Yıllardır İRAN-ABD, İRAN-İzrail ilişkileri üzerinden bitmez tükenmez komplo teorileri üretilmekte, barbar, cani, katliamcı, soykırımcı, hiçbir insani erdemi, hukuku ve vicdanı taşımayan lanetli ziyonistlerin GAZZE SOYKIRIMINI başlattığı son yedi aydan beri ise,

             Komplo teorileri hız kazanmış, Gazze’den daha çok İran-ABD ve İran-İzrail ilşkileri konuşulur olmuş, bu inanç ve anlayış öylesine hastalıklı marazi bir duruma evrilmiş ki,

              İzrail’e karşı hiç ama hiçbir şey yapmayanlar, bırakınız İzrail’e bir çakıl taşı atmayı, bir kum taneciği bile atmayan, atamayanlar, daha da vahimi, dünyanın her yerinde yürürlükte olan,hasmının  bakkalından alışveriş yapmamayı, ona mal verip mal almamayı bile beceremeyenler, her şeyi Batıdan, Amerika’dan ve  İran’dan beklemekte ama İran ne yaparsa yapsın, arkasında çapanoğlu aramakta, bir şey yapmadığında da hedefe oturtulmakta, yaptığında da topun ağzına verilmektedir.
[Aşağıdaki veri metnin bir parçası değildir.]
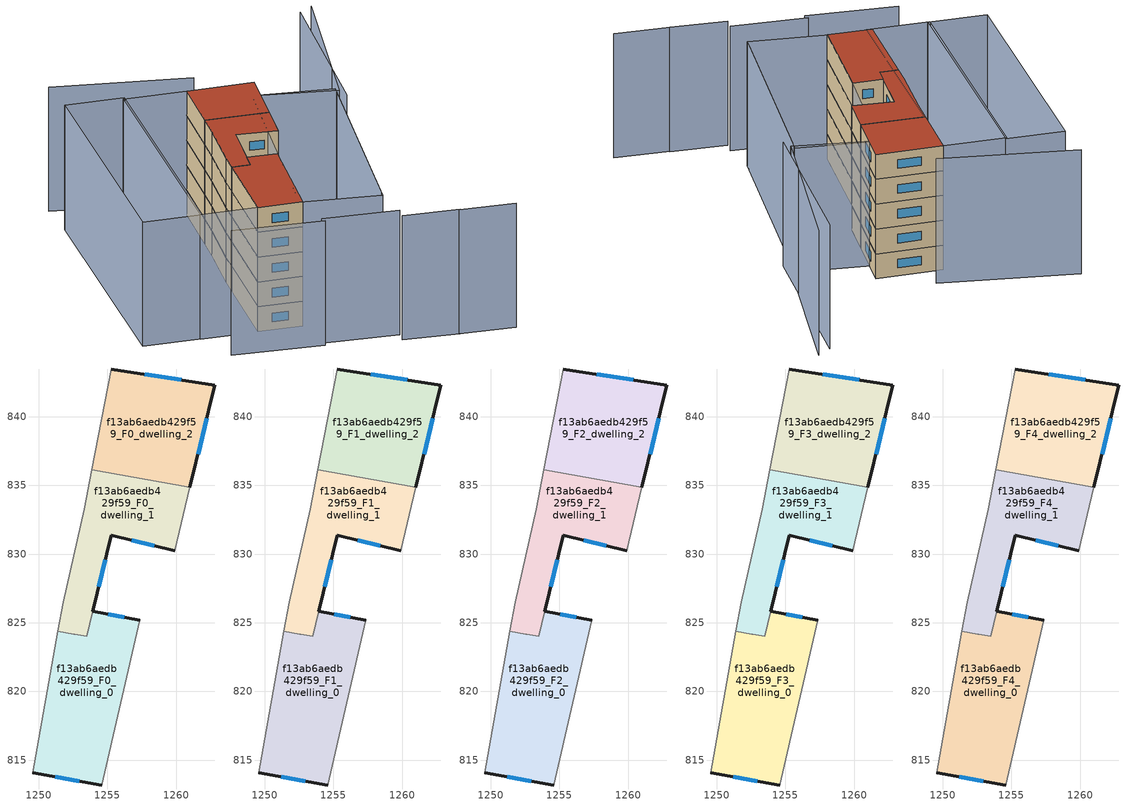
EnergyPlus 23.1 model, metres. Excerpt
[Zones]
f13ab6aedb429f59_F0_dwelling_0
 floor ground (EU_floor_Construction): 1257.34,825.19 1254.59,813.19 1249.55,814.07 1251.4,824.38 1252.53,824.18 1252.61,824.16 1253.48,824.01 1253.93,825.83 z0
 wall outside (EU_wall_Construction): 1257.34,825.19 1253.93,825.83 / 1249.55,814.07 1254.59,813.19 z0:3
 wall adiabatic (EU_wall_Construction): 1254.59,813.19 1257.34,825.19 / 1251.4,824.38 1249.55,814.07 z0:3
 wall to f13ab6aedb429f59_F0_dwelling_1 (EU_wall_Construction): 1253.93,825.83 1253.48,824.01 1252.61,824.16 1252.53,824.18 1251.4,824.38 z0:3
 window (EU_Window_Construction): 1256.23,825.4 1255.04,825.62 / 1251.19,813.78 1252.95,813.48 z0.98:2.02
f13ab6aedb429f59_F0_dwelling_1
 floor ground (EU_floor_Construction): 1261.01,834.87 1259.88,830.25 1255.29,831.37 1253.48,824.01 1252.61,824.16 1252.53,824.18 1251.4,824.38 1251.78,826.51 1253.31,833.25 1253.86,836.14 z0
 wall outside (EU_wall_Construction): 1253.93,825.83 1255.29,831.37 1259.88,830.25 z0:3
 wall adiabatic (EU_wall_Construction): 1253.86,836.14 1253.31,833.25 1251.78,826.51 1251.4,824.38 / 1259.88,830.25 1261.01,834.87 z0:3
 wall to f13ab6aedb429f59_F0_dwelling_2 (EU_wall_Construction): 1261.01,834.87 1253.86,836.14 z0:3
 window (EU_Window_Construction): 1256.78,831 1258.39,830.61 / 1254.37,827.63 1254.85,829.57 z0.98:2.02
f13ab6aedb429f59_F0_dwelling_2
 floor ground (EU_floor_Construction): 1262.82,842.29 1261.01,834.87 1253.86,836.14 1255.27,843.47 z0
 wall outside (EU_wall_Construction): 1261.01,834.87 1262.82,842.29 1255.27,843.47 z0:3
 wall adiabatic (EU_wall_Construction): 1255.27,843.47 1253.86,836.14 z0:3
 window (EU_Window_Construction): 1260.36,842.67 1257.72,843.09 / 1261.6,837.28 1262.23,839.87 z0.98:2.02
f13ab6aedb429f59_F1_dwelling_0
 floor to f13ab6aedb429f59_F0_dwelling_0 (EU_floor_Construction): 1257.34,825.19 1254.59,813.19 1249.55,814.07 1251.4,824.38 1252.53,824.18 1252.61,824.16 1253.48,824.01 1253.93,825.83 z3
 wall outside (EU_wall_Construction): 1257.34,825.19 1253.93,825.83 / 1249.55,814.07 1254.59,813.19 z3:6
 wall adiabatic (EU_wall_Construction): 1254.59,813.19 1257.34,825.19 / 1251.4,824.38 1249.55,814.07 z3:6
 wall to f13ab6aedb429f59_F1_dwelling_1 (EU_wall_Construction): 1253.93,825.83 1253.48,824.01 1252.61,824.16 1252.53,824.18 1251.4,824.38 z3:6
 window (EU_Window_Construction): 1256.23,825.4 1255.04,825.62 / 1251.19,813.78 1252.95,813.48 z3.98:5.02
f13ab6aedb429f59_F1_dwelling_1
 floor to f13ab6aedb429f59_F0_dwelling_1 (EU_floor_Construction): 1261.01,834.87 1259.88,830.25 1255.29,831.37 1253.48,824.01 1252.61,824.16 1252.53,824.18 1251.4,824.38 1251.78,826.51 1253.31,833.25 1253.86,836.14 z3
 wall outside (EU_wall_Construction): 1253.93,825.83 1255.29,831.37 1259.88,830.25 z3:6
 wall adiabatic (EU_wall_Construction): 1253.86,836.14 1253.31,833.25 1251.78,826.51 1251.4,824.38 / 1259.88,830.25 1261.01,834.87 z3:6
 wall to f13ab6aedb429f59_F1_dwelling_2 (EU_wall_Construction): 1261.01,834.87 1253.86,836.14 z3:6
 window (EU_Window_Construction): 1256.78,831 1258.39,830.61 / 1254.37,827.63 1254.85,829.57 z3.98:5.02
f13ab6aedb429f59_F1_dwelling_2
 floor to f13ab6aedb429f59_F0_dwelling_2 (EU_floor_Construction): 1262.82,842.29 1261.01,834.87 1253.86,836.14 1255.27,843.47 z3
 wall outside (EU_wall_Construction): 1261.01,834.87 1262.82,842.29 1255.27,843.47 z3:6
 wall adiabatic (EU_wall_Construction): 1255.27,843.47 1253.86,836.14 z3:6
 window (EU_Window_Construction): 1260.36,842.67 1257.72,843.09 / 1261.6,837.28 1262.23,839.87 z3.98:5.02
f13ab6aedb429f59_F2_dwelling_0
 floor to f13ab6aedb429f59_F1_dwelling_0 (EU_floor_Construction): 1257.34,825.19 1254.59,813.19 1249.55,814.07 1251.4,824.38 1252.53,824.18 1252.61,824.16 1253.48,824.01 1253.93,825.83 z6
 wall outside (EU_wall_Construction): 1257.34,825.19 1253.93,825.83 / 1249.55,814.07 1254.59,813.19 z6:9
 wall adiabatic (EU_wall_Construction): 1254.59,813.19 1257.34,825.19 / 1251.4,824.38 1249.55,814.07 z6:9
 wall to f13ab6aedb429f59_F2_dwelling_1 (EU_wall_Construction): 1253.93,825.83 1253.48,824.01 1252.61,824.16 1252.53,824.18 1251.4,824.38 z6:9
 window (EU_Window_Construction): 1256.23,825.4 1255.04,825.62 / 1251.19,813.78 1252.95,813.48 z6.98:8.02
f13ab6aedb429f59_F2_dwelling_1
 floor to f13ab6aedb429f59_F1_dwelling_1 (EU_floor_Construction): 1261.01,834.87 1259.88,830.25 1255.29,831.37 1253.48,824.01 1252.61,824.16 1252.53,824.18 1251.4,824.38 1251.78,826.51 1253.31,833.25 1253.86,836.14 z6
 wall outside (EU_wall_Construction): 1253.93,825.83 1255.29,831.37 1259.88,830.25 z6:9
 wall adiabatic (EU_wall_Construction): 1253.86,836.14 1253.31,833.25 1251.78,826.51 1251.4,824.38 / 1259.88,830.25 1261.01,834.87 z6:9
 wall to f13ab6aedb429f59_F2_dwelling_2 (EU_wall_Construction): 1261.01,834.87 1253.86,836.14 z6:9
 window (EU_Window_Construction): 1256.78,831 1258.39,830.61 / 1254.37,827.63 1254.85,829.57 z6.98:8.02
f13ab6aedb429f59_F2_dwelling_2
 floor to f13ab6aedb429f59_F1_dwelling_2 (EU_floor_Construction): 1262.82,842.29 1261.01,834.87 1253.86,836.14 1255.27,843.47 z6
 wall outside (EU_wall_Construction): 1261.01,834.87 1262.82,842.29 1255.27,843.47 z6:9
 wall adiabatic (EU_wall_Construction): 1255.27,843.47 1253.86,836.14 z6:9
 window (EU_Window_Construction): 1260.36,842.67 1257.72,843.09 / 1261.6,837.28 1262.23,839.87 z6.98:8.02
f13ab6aedb429f59_F3_dwelling_0
 floor to f13ab6aedb429f59_F2_dwelling_0 (EU_floor_Construction): 1257.34,825.19 1254.59,813.19 1249.55,814.07 1251.4,824.38 1252.53,824.18 1252.61,824.16 1253.48,824.01 1253.93,825.83 z9
 wall outside (EU_wall_Construction): 1257.34,825.19 1253.93,825.83 / 1249.55,814.07 1254.59,813.19 z9:12
 wall adiabatic (EU_wall_Construction): 1254.59,813.19 1257.34,825.19 / 1251.4,824.38 1249.55,814.07 z9:12
 wall to f13ab6aedb429f59_F3_dwelling_1 (EU_wall_Construction): 1253.93,825.83 1253.48,824.01 1252.61,824.16 1252.53,824.18 1251.4,824.38 z9:12
 window (EU_Window_Construction): 1256.23,825.4 1255.04,825.62 / 1251.19,813.78 1252.95,813.48 z9.98:11.02
f13ab6aedb429f59_F3_dwelling_1
 floor to f13ab6aedb429f59_F2_dwelling_1 (EU_floor_Construction): 1261.01,834.87 1259.88,830.25 1255.29,831.37 1253.48,824.01 1252.61,824.16 1252.53,824.18 1251.4,824.38 1251.78,826.51 1253.31,833.25 1253.86,836.14 z9
 wall outside (EU_wall_Construction): 1253.93,825.83 1255.29,831.37 1259.88,830.25 z9:12
 wall adiabatic (EU_wall_Construction): 1253.86,836.14 1253.31,833.25 1251.78,826.51 1251.4,824.38 / 1259.88,830.25 1261.01,834.87 z9:12
 wall to f13ab6aedb429f59_F3_dwelling_2 (EU_wall_Construction): 1261.01,834.87 1253.86,836.14 z9:12
 window (EU_Window_Construction): 1256.78,831 1258.39,830.61 / 1254.37,827.63 1254.85,829.57 z9.98:11.02
f13ab6aedb429f59_F3_dwelling_2
 floor to f13ab6aedb429f59_F2_dwelling_2 (EU_floor_Construction): 1262.82,842.29 1261.01,834.87 1253.86,836.14 1255.27,843.47 z9
 wall outside (EU_wall_Construction): 1261.01,834.87 1262.82,842.29 1255.27,843.47 z9:12
 wall adiabatic (EU_wall_Construction): 1255.27,843.47 1253.86,836.14 z9:12
 window (EU_Window_Construction): 1260.36,842.67 1257.72,843.09 / 1261.6,837.28 1262.23,839.87 z9.98:11.02
f13ab6aedb429f59_F4_dwelling_0
 floor to f13ab6aedb429f59_F3_dwelling_0 (EU_floor_Construction): 1257.34,825.19 1254.59,813.19 1249.55,814.07 1251.4,824.38 1252.53,824.18 1252.61,824.16 1253.48,824.01 1253.93,825.83 z12
 wall outside (EU_wall_Construction): 1257.34,825.19 1253.93,825.83 / 1249.55,814.07 1254.59,813.19 z12:15
 wall adiabatic (EU_wall_Construction): 1254.59,813.19 1257.34,825.19 / 1251.4,824.38 1249.55,814.07 z12:15
 wall to f13ab6aedb429f59_F4_dwelling_1 (EU_wall_Construction): 1253.93,825.83 1253.48,824.01 1252.61,824.16 1252.53,824.18 1251.4,824.38 z12:15
 window (EU_Window_Construction): 1256.23,825.4 1255.04,825.62 / 1251.19,813.78 1252.95,813.48 z12.98:14.02
 roof outside (EU_roof_Construction): 1254.59,813.19 1257.34,825.19 1253.93,825.83 1253.48,824.01 1252.61,824.16 1252.53,824.18 1251.4,824.38 1249.55,814.07 z15
f13ab6aedb429f59_F4_dwelling_1
 floor to f13ab6aedb429f59_F3_dwelling_1 (EU_floor_Construction): 1261.01,834.87 1259.88,830.25 1255.29,831.37 1253.48,824.01 1252.61,824.16 1252.53,824.18 1251.4,824.38 1251.78,826.51 1253.31,833.25 1253.86,836.14 z12
 wall outside (EU_wall_Construction): 1253.93,825.83 1255.29,831.37 1259.88,830.25 z12:15
 wall adiabatic (EU_wall_Construction): 1253.86,836.14 1253.31,833.25 1251.78,826.51 1251.4,824.38 / 1259.88,830.25 1261.01,834.87 z12:15
 wall to f13ab6aedb429f59_F4_dwelling_2 (EU_wall_Construction): 1261.01,834.87 1253.86,836.14 z12:15
 window (EU_Window_Construction): 1256.78,831 1258.39,830.61 / 1254.37,827.63 1254.85,829.57 z12.98:14.02
 roof outside (EU_roof_Construction): 1259.88,830.25 1261.01,834.87 1253.86,836.14 1253.31,833.25 1251.78,826.51 1251.4,824.38 1252.53,824.18 1252.61,824.16 1253.48,824.01 1255.29,831.37 z15
f13ab6aedb429f59_F4_dwelling_2
 floor to f13ab6aedb429f59_F3_dwelling_2 (EU_floor_Construction): 1262.82,842.29 1261.01,834.87 1253.86,836.14 1255.27,843.47 z12
 wall outside (EU_wall_Construction): 1261.01,834.87 1262.82,842.29 1255.27,843.47 z12:15
 wall adiabatic (EU_wall_Construction): 1255.27,843.47 1253.86,836.14 z12:15
 window (EU_Window_Construction): 1260.36,842.67 1257.72,843.09 / 1261.6,837.28 1262.23,839.87 z12.98:14.02
 roof outside (EU_roof_Construction): 1261.01,834.87 1262.82,842.29 1255.27,843.47 1253.86,836.14 z15
shading: 1254.6,808.51 1263.12,806.73 / 1269.04,804.08 1275.29,802.8 / 1244.48,810.13 1254.72,807.9 / 1262.84,805.43 1269.2,804.08 / 1263.33,811.67 1269.71,835.78 / 1270.51,835.07 1274.91,855.77 / 1276.63,856.62 1270.23,836.44 / 1270.23,836.44 1255.76,841.02 / 1257.38,846.12 1242.22,850.92 / 1270.03,837.01 1263.14,810.93 / 1263.14,810.93 1254.19,813.29 / 1254.19,813.29 1261.09,839.38 / 1261.09,839.38 1270.03,837.01 / 1248.15,844.68 1255.27,843.47 / 1255.27,843.47 1250.25,813.95 / 1250.25,813.95 1243.13,815.16 / 1243.13,815.16 1248.15,844.68 / 1236.75,816.27 1241.77,846.05 / 1241.77,846.05 1248.41,844.93 / 1248.41,844.93 1243.39,815.15 / 1243.39,815.15 1236.75,816.27 z0:15
[Building]
EU S2 Campaign: North Axis=0; Terrain=City; Solar Distribution=FullExterior
[Site:Location]
Bologna: Latitude=44.5; Longitude=11.25; Time Zone=1; Elevation=37
[SizingPeriod:WeatherFileDays]
AnnualSizingPeriod: Begin Month=1; Begin Day of Month=1; End Month=12; End Day of Month=31; Day of Week for Start Day=Monday; Use Weather File Daylight Saving Period=No; Use Weather File Rain and Snow Indicators=No
[MATERIAL]
EU_InternalMass_Material: Roughness=MediumRough; Thickness=0.1; Conductivity=1; Density=1800; Specific Heat=900; Thermal Absorptance=0.9; Solar Absorptance=0.7; Visible Absorptance=0.7
[MATERIAL:NOMASS] Roughness=MediumRough; Thermal Absorptance=0.9; Solar Absorptance=0.7; Visible Absorptance=0.7
Name | Thermal Resistance
EU_wall_NoMass | 0.905828
EU_roof_NoMass | 0.37593
EU_floor_NoMass | 0.67114
[WINDOWMATERIAL:SIMPLEGLAZINGSYSTEM]
EU_Window_SimpleGlazing: UFactor=4.52486; Solar Heat Gain Coefficient=0.85; Visible Transmittance=0.85
[CONSTRUCTION]
EU_wall_Construction: EU_wall_NoMass
EU_roof_Construction: EU_roof_NoMass
EU_floor_Construction: EU_floor_NoMass
EU_Window_Construction: EU_Window_SimpleGlazing
EU_InternalMass_Construction: EU_InternalMass_Material
[ZONE] Type=1; Multiplier=1; Ceiling Height=autocalculate; Floor Area=autocalculate; Part of Total Floor Area=Yes
Name | Volume
f13ab6aedb429f59_F0_dwelling_0 | 187.893
f13ab6aedb429f59_F1_dwelling_0; f13ab6aedb429f59_F2_dwelling_0; f13ab6aedb429f59_F3_dwelling_0; f13ab6aedb429f59_F4_dwelling_0 | 187.894
f13ab6aedb429f59_F0_dwelling_1; f13ab6aedb429f59_F1_dwelling_1; f13ab6aedb429f59_F2_dwelling_1; f13ab6aedb429f59_F3_dwelling_1; f13ab6aedb429f59_F4_dwelling_1 | 149.024
f13ab6aedb429f59_F0_dwelling_2 | 168.458
f13ab6aedb429f59_F1_dwelling_2; f13ab6aedb429f59_F2_dwelling_2; f13ab6aedb429f59_F3_dwelling_2; f13ab6aedb429f59_F4_dwelling_2 | 168.457
[INTERNALMASS] Construction=EU_InternalMass_Construction
Name | Zone or ZoneList | Surface Area
f13ab6aedb429f59_F0_dwelling_0_EU_InternalMass | f13ab6aedb429f59_F0_dwelling_0 | 62.6304
f13ab6aedb429f59_F0_dwelling_1_EU_InternalMass | f13ab6aedb429f59_F0_dwelling_1 | 49.6752
f13ab6aedb429f59_F0_dwelling_2_EU_InternalMass | f13ab6aedb429f59_F0_dwelling_2 | 56.1526
f13ab6aedb429f59_F1_dwelling_0_EU_InternalMass | f13ab6aedb429f59_F1_dwelling_0 | 62.6304
f13ab6aedb429f59_F1_dwelling_1_EU_InternalMass | f13ab6aedb429f59_F1_dwelling_1 | 49.6752
f13ab6aedb429f59_F1_dwelling_2_EU_InternalMass | f13ab6aedb429f59_F1_dwelling_2 | 56.1526
f13ab6aedb429f59_F2_dwelling_0_EU_InternalMass | f13ab6aedb429f59_F2_dwelling_0 | 62.6304
f13ab6aedb429f59_F2_dwelling_1_EU_InternalMass | f13ab6aedb429f59_F2_dwelling_1 | 49.6752
f13ab6aedb429f59_F2_dwelling_2_EU_InternalMass | f13ab6aedb429f59_F2_dwelling_2 | 56.1526
f13ab6aedb429f59_F3_dwelling_0_EU_InternalMass | f13ab6aedb429f59_F3_dwelling_0 | 62.6304
f13ab6aedb429f59_F3_dwelling_1_EU_InternalMass | f13ab6aedb429f59_F3_dwelling_1 | 49.6752
f13ab6aedb429f59_F3_dwelling_2_EU_InternalMass | f13ab6aedb429f59_F3_dwelling_2 | 56.1526
f13ab6aedb429f59_F4_dwelling_0_EU_InternalMass | f13ab6aedb429f59_F4_dwelling_0 | 62.6304
f13ab6aedb429f59_F4_dwelling_1_EU_InternalMass | f13ab6aedb429f59_F4_dwelling_1 | 49.6752
f13ab6aedb429f59_F4_dwelling_2_EU_InternalMass | f13ab6aedb429f59_F4_dwelling_2 | 56.1526
[OTHEREQUIPMENT] Fuel Type=Electricity; Design Level Calculation Method=Watts/Area; Power per Zone Floor Area=1; Fraction Latent=0; Fraction Radiant=0; Fraction Lost=0; Carbon Dioxide Generation Rate=0; EndUse Subcategory=EU_Step8_InternalGains
Name | Zone or ZoneList or Space or SpaceList | Schedule
EU_Step8_InternalGain_f13ab6aedb429f59_F0_dwelling_0_f000 | f13ab6aedb429f59_F0_dwelling_0 | EU_Step8_GainSchedule_f13ab6aedb429f59_F0_dwelling_0_f000
EU_Step8_InternalGain_f13ab6aedb429f59_F0_dwelling_1_f000 | f13ab6aedb429f59_F0_dwelling_1 | EU_Step8_GainSchedule_f13ab6aedb429f59_F0_dwelling_1_f000
EU_Step8_InternalGain_f13ab6aedb429f59_F0_dwelling_2_f000 | f13ab6aedb429f59_F0_dwelling_2 | EU_Step8_GainSchedule_f13ab6aedb429f59_F0_dwelling_2_f000
EU_Step8_InternalGain_f13ab6aedb429f59_F1_dwelling_0_f000 | f13ab6aedb429f59_F1_dwelling_0 | EU_Step8_GainSchedule_f13ab6aedb429f59_F1_dwelling_0_f000
EU_Step8_InternalGain_f13ab6aedb429f59_F1_dwelling_1_f000 | f13ab6aedb429f59_F1_dwelling_1 | EU_Step8_GainSchedule_f13ab6aedb429f59_F1_dwelling_1_f000
EU_Step8_InternalGain_f13ab6aedb429f59_F1_dwelling_2_f000 | f13ab6aedb429f59_F1_dwelling_2 | EU_Step8_GainSchedule_f13ab6aedb429f59_F1_dwelling_2_f000
EU_Step8_InternalGain_f13ab6aedb429f59_F2_dwelling_0_f000 | f13ab6aedb429f59_F2_dwelling_0 | EU_Step8_GainSchedule_f13ab6aedb429f59_F2_dwelling_0_f000
EU_Step8_InternalGain_f13ab6aedb429f59_F2_dwelling_1_f000 | f13ab6aedb429f59_F2_dwelling_1 | EU_Step8_GainSchedule_f13ab6aedb429f59_F2_dwelling_1_f000
EU_Step8_InternalGain_f13ab6aedb429f59_F2_dwelling_2_f000 | f13ab6aedb429f59_F2_dwelling_2 | EU_Step8_GainSchedule_f13ab6aedb429f59_F2_dwelling_2_f000
EU_Step8_InternalGain_f13ab6aedb429f59_F3_dwelling_0_f000 | f13ab6aedb429f59_F3_dwelling_0 | EU_Step8_GainSchedule_f13ab6aedb429f59_F3_dwelling_0_f000
EU_Step8_InternalGain_f13ab6aedb429f59_F3_dwelling_1_f000 | f13ab6aedb429f59_F3_dwelling_1 | EU_Step8_GainSchedule_f13ab6aedb429f59_F3_dwelling_1_f000
EU_Step8_InternalGain_f13ab6aedb429f59_F3_dwelling_2_f000 | f13ab6aedb429f59_F3_dwelling_2 | EU_Step8_GainSchedule_f13ab6aedb429f59_F3_dwelling_2_f000
EU_Step8_InternalGain_f13ab6aedb429f59_F4_dwelling_0_f000 | f13ab6aedb429f59_F4_dwelling_0 | EU_Step8_GainSchedule_f13ab6aedb429f59_F4_dwelling_0_f000
EU_Step8_InternalGain_f13ab6aedb429f59_F4_dwelling_1_f000 | f13ab6aedb429f59_F4_dwelling_1 | EU_Step8_GainSchedule_f13ab6aedb429f59_F4_dwelling_1_f000
EU_Step8_InternalGain_f13ab6aedb429f59_F4_dwelling_2_f000 | f13ab6aedb429f59_F4_dwelling_2 | EU_Step8_GainSchedule_f13ab6aedb429f59_F4_dwelling_2_f000
[ZONEVENTILATION:DESIGNFLOWRATE] Schedule=EU_AlwaysOn; Design Flow Rate Calculation Method=AirChanges/Hour; Air Changes per Hour=0.73129; Ventilation Type=Natural; Fan Pressure Rise=0; Fan Total Efficiency=1; Constant Term Coefficient=1; Temperature Term Coefficient=0; Velocity Term Coefficient=0; Velocity Squared Term Coefficient=0; Minimum Indoor Temperature=-100; Maximum Indoor Temperature=100; Delta Temperature=-100; Minimum Outdoor Temperature=-100; Maximum Outdoor Temperature=100; Maximum Wind Speed=40
Name | Zone or ZoneList or Space or SpaceList
EU_ConstantAir_f13ab6aedb429f59_F0_dwelling_0 | f13ab6aedb429f59_F0_dwelling_0
EU_ConstantAir_f13ab6aedb429f59_F0_dwelling_1 | f13ab6aedb429f59_F0_dwelling_1
EU_ConstantAir_f13ab6aedb429f59_F0_dwelling_2 | f13ab6aedb429f59_F0_dwelling_2
EU_ConstantAir_f13ab6aedb429f59_F1_dwelling_0 | f13ab6aedb429f59_F1_dwelling_0
EU_ConstantAir_f13ab6aedb429f59_F1_dwelling_1 | f13ab6aedb429f59_F1_dwelling_1
EU_ConstantAir_f13ab6aedb429f59_F1_dwelling_2 | f13ab6aedb429f59_F1_dwelling_2
EU_ConstantAir_f13ab6aedb429f59_F2_dwelling_0 | f13ab6aedb429f59_F2_dwelling_0
EU_ConstantAir_f13ab6aedb429f59_F2_dwelling_1 | f13ab6aedb429f59_F2_dwelling_1
EU_ConstantAir_f13ab6aedb429f59_F2_dwelling_2 | f13ab6aedb429f59_F2_dwelling_2
EU_ConstantAir_f13ab6aedb429f59_F3_dwelling_0 | f13ab6aedb429f59_F3_dwelling_0
EU_ConstantAir_f13ab6aedb429f59_F3_dwelling_1 | f13ab6aedb429f59_F3_dwelling_1
EU_ConstantAir_f13ab6aedb429f59_F3_dwelling_2 | f13ab6aedb429f59_F3_dwelling_2
EU_ConstantAir_f13ab6aedb429f59_F4_dwelling_0 | f13ab6aedb429f59_F4_dwelling_0
EU_ConstantAir_f13ab6aedb429f59_F4_dwelling_1 | f13ab6aedb429f59_F4_dwelling_1
EU_ConstantAir_f13ab6aedb429f59_F4_dwelling_2 | f13ab6aedb429f59_F4_dwelling_2
[HVACTEMPLATE:THERMOSTAT] Constant Heating Setpoint=20; Constant Cooling Setpoint=50
EU_HeatOnly_f13ab6aedb429f59_F0_dwelling_0; EU_HeatOnly_f13ab6aedb429f59_F0_dwelling_1; EU_HeatOnly_f13ab6aedb429f59_F0_dwelling_2; EU_HeatOnly_f13ab6aedb429f59_F1_dwelling_0; EU_HeatOnly_f13ab6aedb429f59_F1_dwelling_1; EU_HeatOnly_f13ab6aedb429f59_F1_dwelling_2; EU_HeatOnly_f13ab6aedb429f59_F2_dwelling_0; EU_HeatOnly_f13ab6aedb429f59_F2_dwelling_1; EU_HeatOnly_f13ab6aedb429f59_F2_dwelling_2; EU_HeatOnly_f13ab6aedb429f59_F3_dwelling_0; EU_HeatOnly_f13ab6aedb429f59_F3_dwelling_1; EU_HeatOnly_f13ab6aedb429f59_F3_dwelling_2; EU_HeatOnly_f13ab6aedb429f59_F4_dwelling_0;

               Bu marazi MEZHEPÇİ kesime, İran ne yaparsa yapsın yaranamamakta, komplo teorilerinden kurtulamamakta, Gazze’nin yanında fiilen savaşa katılsa bile, “vardır bir bit yeniği” denmekte, her halükarda ABD ve İzrail ile iş tuttuğu, perde arkasında onlarla işbirliği yaptığı ileri sürülmekte, Müslüman düşmanı, hususen de Sünni Müslüman aleme düşman ilan edilmekte, İran’ın, İzrail ve ABD saldırılarında başına ne gelirse gelsin, hiçbir tepki verilmemekte, sanki onlar insan değilmiş gibi görmezden gelinmekte, neredeyse ABD ve İzrail’in İran’a saldırılarına alkış tutacak hale gelmiş bulunmaktadırlar.

                Bu marazi mezhepçilerde, Yorum, görüş farkı, alternatif tarif ve tanımlamalardan ibaret olan MEZHEP, DİNİN ÖNÜNE GEÇMİŞ, MEZHEP “DİN” OLMUŞTUR.

                Şüphesiz bu hastalıklı mezhepçilik tarihi bir vaka olup, bugünün işi değildir ve her iki tarafta da bu hastalığın hastaları hep var olagelmiş, müşterisiz kalmamış, halen de var olmaya devam etmektedir.

                Bunların komplo teorilerine bakılırsa ve bunlara sorulsa;

               1- 1979 Yılında yapılan İran İslam İnkılabı da danışıklı dövüştür ve ABD Ortadoğu’daki en büyük müttefiki Şah Rıza Pehlevi’yi Humeyni’ye devirtmiştir!

               2-  İnkılabın hemen akabinde, 4 Kasım 1979’da bir grup İranlı öğrencinin ABD'nin Tahran Büyükelçiliği'ni basarak 52 Amerikalıyı rehin alması ve 444. gün süren rehine kırizi de danışıklı dövüşten ibarettir!

               3-Bunların iddiasına göre İran,14 Kasım 1979’dan beri 45 senedir Amerika ile işbirliği halinde kendine ambargo uygulatıyor!

              4-Suriye, Irak ve hatta İran’ın içinde İzrail’in, İran’ın en önemli elemanlarına suikastlar düzenlemesine, tesislerini bombalatmasına ses çıkarmıyor!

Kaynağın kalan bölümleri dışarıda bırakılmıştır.